- _Task to complete_: Once the line with "note: Dual Arm Robot Trajectory Testing" is found in the data, output it and each following line exactly, up to and including the line with "Pulse R : DiscretePulseGenerator", and nothing before or after.

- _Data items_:
────────
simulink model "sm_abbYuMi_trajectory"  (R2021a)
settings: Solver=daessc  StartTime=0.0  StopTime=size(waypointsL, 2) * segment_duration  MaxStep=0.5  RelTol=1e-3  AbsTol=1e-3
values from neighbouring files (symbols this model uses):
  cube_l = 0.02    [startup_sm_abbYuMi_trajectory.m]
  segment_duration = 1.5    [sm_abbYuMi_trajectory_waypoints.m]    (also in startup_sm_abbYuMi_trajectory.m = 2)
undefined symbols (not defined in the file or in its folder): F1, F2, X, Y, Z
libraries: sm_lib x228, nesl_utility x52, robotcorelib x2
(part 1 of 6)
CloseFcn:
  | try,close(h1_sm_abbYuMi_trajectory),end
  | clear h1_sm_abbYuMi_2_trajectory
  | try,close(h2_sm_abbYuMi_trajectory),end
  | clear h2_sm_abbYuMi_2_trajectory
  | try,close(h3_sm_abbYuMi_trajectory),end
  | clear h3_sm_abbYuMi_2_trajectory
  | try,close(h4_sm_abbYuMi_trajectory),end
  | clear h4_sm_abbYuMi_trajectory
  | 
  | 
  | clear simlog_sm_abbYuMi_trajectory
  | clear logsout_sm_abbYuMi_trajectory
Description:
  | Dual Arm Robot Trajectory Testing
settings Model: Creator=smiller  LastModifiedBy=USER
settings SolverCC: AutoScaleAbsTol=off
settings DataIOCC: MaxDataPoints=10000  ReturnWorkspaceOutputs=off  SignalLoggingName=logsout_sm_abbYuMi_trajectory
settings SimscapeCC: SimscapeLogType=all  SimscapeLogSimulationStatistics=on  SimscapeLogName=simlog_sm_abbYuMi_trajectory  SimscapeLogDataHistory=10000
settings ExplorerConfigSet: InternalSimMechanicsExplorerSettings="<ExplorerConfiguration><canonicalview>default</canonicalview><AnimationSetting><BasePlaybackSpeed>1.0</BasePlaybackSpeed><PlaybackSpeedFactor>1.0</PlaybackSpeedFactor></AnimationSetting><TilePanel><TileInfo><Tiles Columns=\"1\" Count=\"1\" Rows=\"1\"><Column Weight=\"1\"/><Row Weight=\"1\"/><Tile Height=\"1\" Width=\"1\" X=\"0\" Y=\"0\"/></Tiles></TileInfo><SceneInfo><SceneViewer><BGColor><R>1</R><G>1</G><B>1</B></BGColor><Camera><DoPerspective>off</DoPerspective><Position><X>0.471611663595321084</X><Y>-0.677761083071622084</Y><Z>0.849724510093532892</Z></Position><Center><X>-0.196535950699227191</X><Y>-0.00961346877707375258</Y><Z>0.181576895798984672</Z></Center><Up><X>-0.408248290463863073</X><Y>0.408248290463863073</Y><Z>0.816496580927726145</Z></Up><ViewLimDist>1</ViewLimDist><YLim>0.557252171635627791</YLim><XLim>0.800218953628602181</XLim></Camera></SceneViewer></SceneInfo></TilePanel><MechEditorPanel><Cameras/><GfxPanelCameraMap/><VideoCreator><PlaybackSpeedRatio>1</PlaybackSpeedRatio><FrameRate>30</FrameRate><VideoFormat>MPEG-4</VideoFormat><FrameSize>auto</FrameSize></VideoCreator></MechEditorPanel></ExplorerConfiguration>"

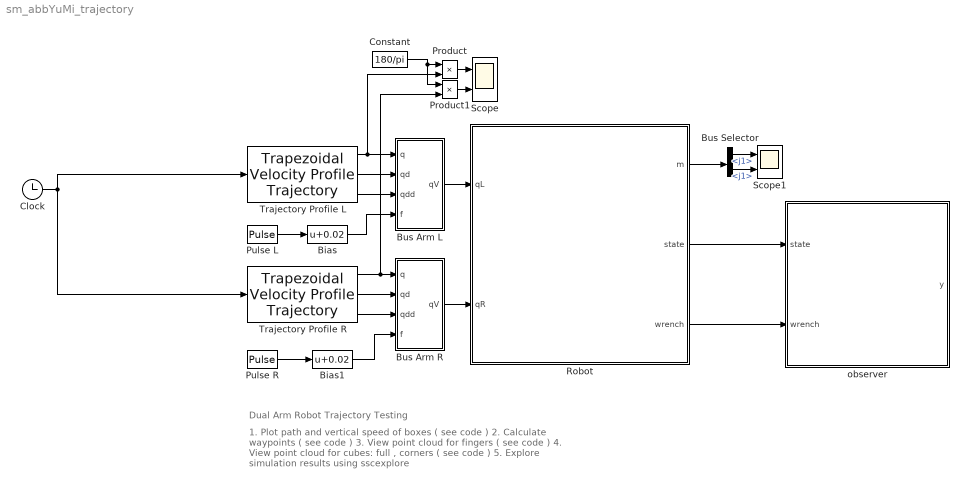
== system sm_abbYuMi_trajectory ==
  note: Dual Arm Robot Trajectory Testing
  note: 1. Plot path and vertical speed of boxes ( see code )
      | 2. Calculate waypoints ( see code )
      | 3. View point cloud for fingers ( see code )
      | 4. View point cloud for cubes: full , corners ( see code )
      | 5. Explore simulation results using sscexplore
  Bias : Bias  Bias=0.02
  Bias1 : Bias  Bias=0.02
  Bus Selector : BusSelector  OutputSignals=trqL.j1,trqR.j1
  Bus Arm L : Subsystem
  Bus Arm R : Subsystem
  Clock : Clock
  Constant : Constant  Value=180/pi
  Product : Product
  Product1 : Product
  Pulse L : DiscretePulseGenerator  PulseType=Time based  Amplitude=-0.011  Period=100  PulseWidth=4*segment_duration  PhaseDelay=2*segment_duration
  Pulse R : DiscretePulseGenerator  PulseType=Time based  Amplitude=-0.011  Period=100  PulseWidth=4*segment_duration  PhaseDelay=6*segment_duration
  Robot : Subsystem  mask(Dual Arm Robot with Contact Forces){k_gripBox=1e3, k_boxBox=1e3, k_boxFloor=1e3, d_gripBox=1e2, d_boxBox=1e2, d_boxFloor=1e2, t_gripBox=1e-3, t_boxBox=1e-3, t_boxFloor=1e-3, mu_s_gripBox=0.7, mu_s_boxBox=0.5, mu_s_boxFloor=0.5, mu_d_gripBox=0.5, mu_d_boxBox=0.3, mu_d_boxFloor=0.3, mu_v_gripBox=1e-3, mu_v_boxBox=1e-3, mu_v_boxFloor=1e-3}
      mask help: Models a dual-arm robot. Parameter values define the contact and friction forces between the gripper, boxes, and floor.
      mask DialogControl Control2_copy_copy_copy_copy_copy_copy_copy Prompt: Gripper-Box
      mask DialogControl Control2_copy_copy_copy_copy_copy_copy_copy_copy Prompt: Box-Box
      mask DialogControl Control2_copy_copy_copy_copy_copy_copy_copy_copy_copy Prompt: Box-Floor
      mask DialogControl Control2_copy_copy_copy_copy_copy_copy Prompt: Damping (N/(m/s))
      mask DialogControl Control2_copy Prompt: Damping (N/(m/s))
      mask DialogControl Control2_copy_copy Prompt: Transition Width (m)
      mask DialogControl Control2_copy_copy_copy Prompt: Static Friction (0-1)
      mask DialogControl Control2_copy_copy_copy_copy Prompt: Dynamic Friction (0-1)
      mask DialogControl Control2_copy_copy_copy_copy_copy Prompt: Critical Velocity (m/s)
      mask Display: image('sm_abbYuMi_trajectory_robot.png');
  Scope : Scope  NumInputPorts=2
  Scope1 : Scope  NumInputPorts=2
  Trajectory Profile L : robotcorelib/Trapezoidal Velocity Profile Trajectory  WaypointSource=Internal  Waypoints=waypointsL  NumParams=1  Parameter1=End Time  Parameter2=End Time  ParameterSource=Internal  PeakVelocity=[ 2; 2 ]  Acceleration=[ 1; 2 ]  EndTime=segment_duration  AccelTime=[ 1; 2 ]  SimulateUsing=Code generation
      settings: SourceProductBaseCode=NV,RO,RR,UV
  Trajectory Profile R : robotcorelib/Trapezoidal Velocity Profile Trajectory  WaypointSource=Internal  Waypoints=waypointsR  NumParams=1  Parameter1=End Time  Parameter2=End Time  ParameterSource=Internal  PeakVelocity=[ 2; 2 ]  Acceleration=[ 1; 2 ]  EndTime=segment_duration  AccelTime=[ 1; 2 ]  SimulateUsing=Code generation
      settings: SourceProductBaseCode=NV,RO,RR,UV
  observer : Subsystem
  wires:
  Clock/1 -> Trajectory Profile L/1, Trajectory Profile R/1
  Trajectory Profile L/1 -> Product/2, Bus Arm L/1(q)
  Trajectory Profile L/2 -> Bus Arm L/2(qd)
  Trajectory Profile L/3 -> Bus Arm L/3(qdd)
  Product/1 -> Scope/1
  Pulse L/1 -> Bias/1
  Trajectory Profile R/3 -> Bus Arm R/3(qdd)
  Trajectory Profile R/2 -> Bus Arm R/2(qd)
  Trajectory Profile R/1 -> Product1/2, Bus Arm R/1(q)
  Product1/1 -> Scope/2
  Pulse R/1 -> Bias1/1
  Bus Arm L/1(qV) -> Robot/1(qL)
  Constant/1 -> Product1/1, Product/1
  Bias1/1 -> Bus Arm R/4(f)
  Bias/1 -> Bus Arm L/4(f)
  Robot/1(m) -> Bus Selector/1
  Bus Selector/1 -> Scope1/1  "<j1>"
  Bus Selector/2 -> Scope1/2  "<j1>"
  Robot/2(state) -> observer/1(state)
────────
- _Response for this exercise_:
  note: Dual Arm Robot Trajectory Testing
  note: 1. Plot path and vertical speed of boxes ( see code )
      | 2. Calculate waypoints ( see code )
      | 3. View point cloud for fingers ( see code )
      | 4. View point cloud for cubes: full , corners ( see code )
      | 5. Explore simulation results using sscexplore
  Bias : Bias  Bias=0.02
  Bias1 : Bias  Bias=0.02
  Bus Selector : BusSelector  OutputSignals=trqL.j1,trqR.j1
  Bus Arm L : Subsystem
  Bus Arm R : Subsystem
  Clock : Clock
  Constant : Constant  Value=180/pi
  Product : Product
  Product1 : Product
  Pulse L : DiscretePulseGenerator  PulseType=Time based  Amplitude=-0.011  Period=100  PulseWidth=4*segment_duration  PhaseDelay=2*segment_duration
  Pulse R : DiscretePulseGenerator  PulseType=Time based  Amplitude=-0.011  Period=100  PulseWidth=4*segment_duration  PhaseDelay=6*segment_duration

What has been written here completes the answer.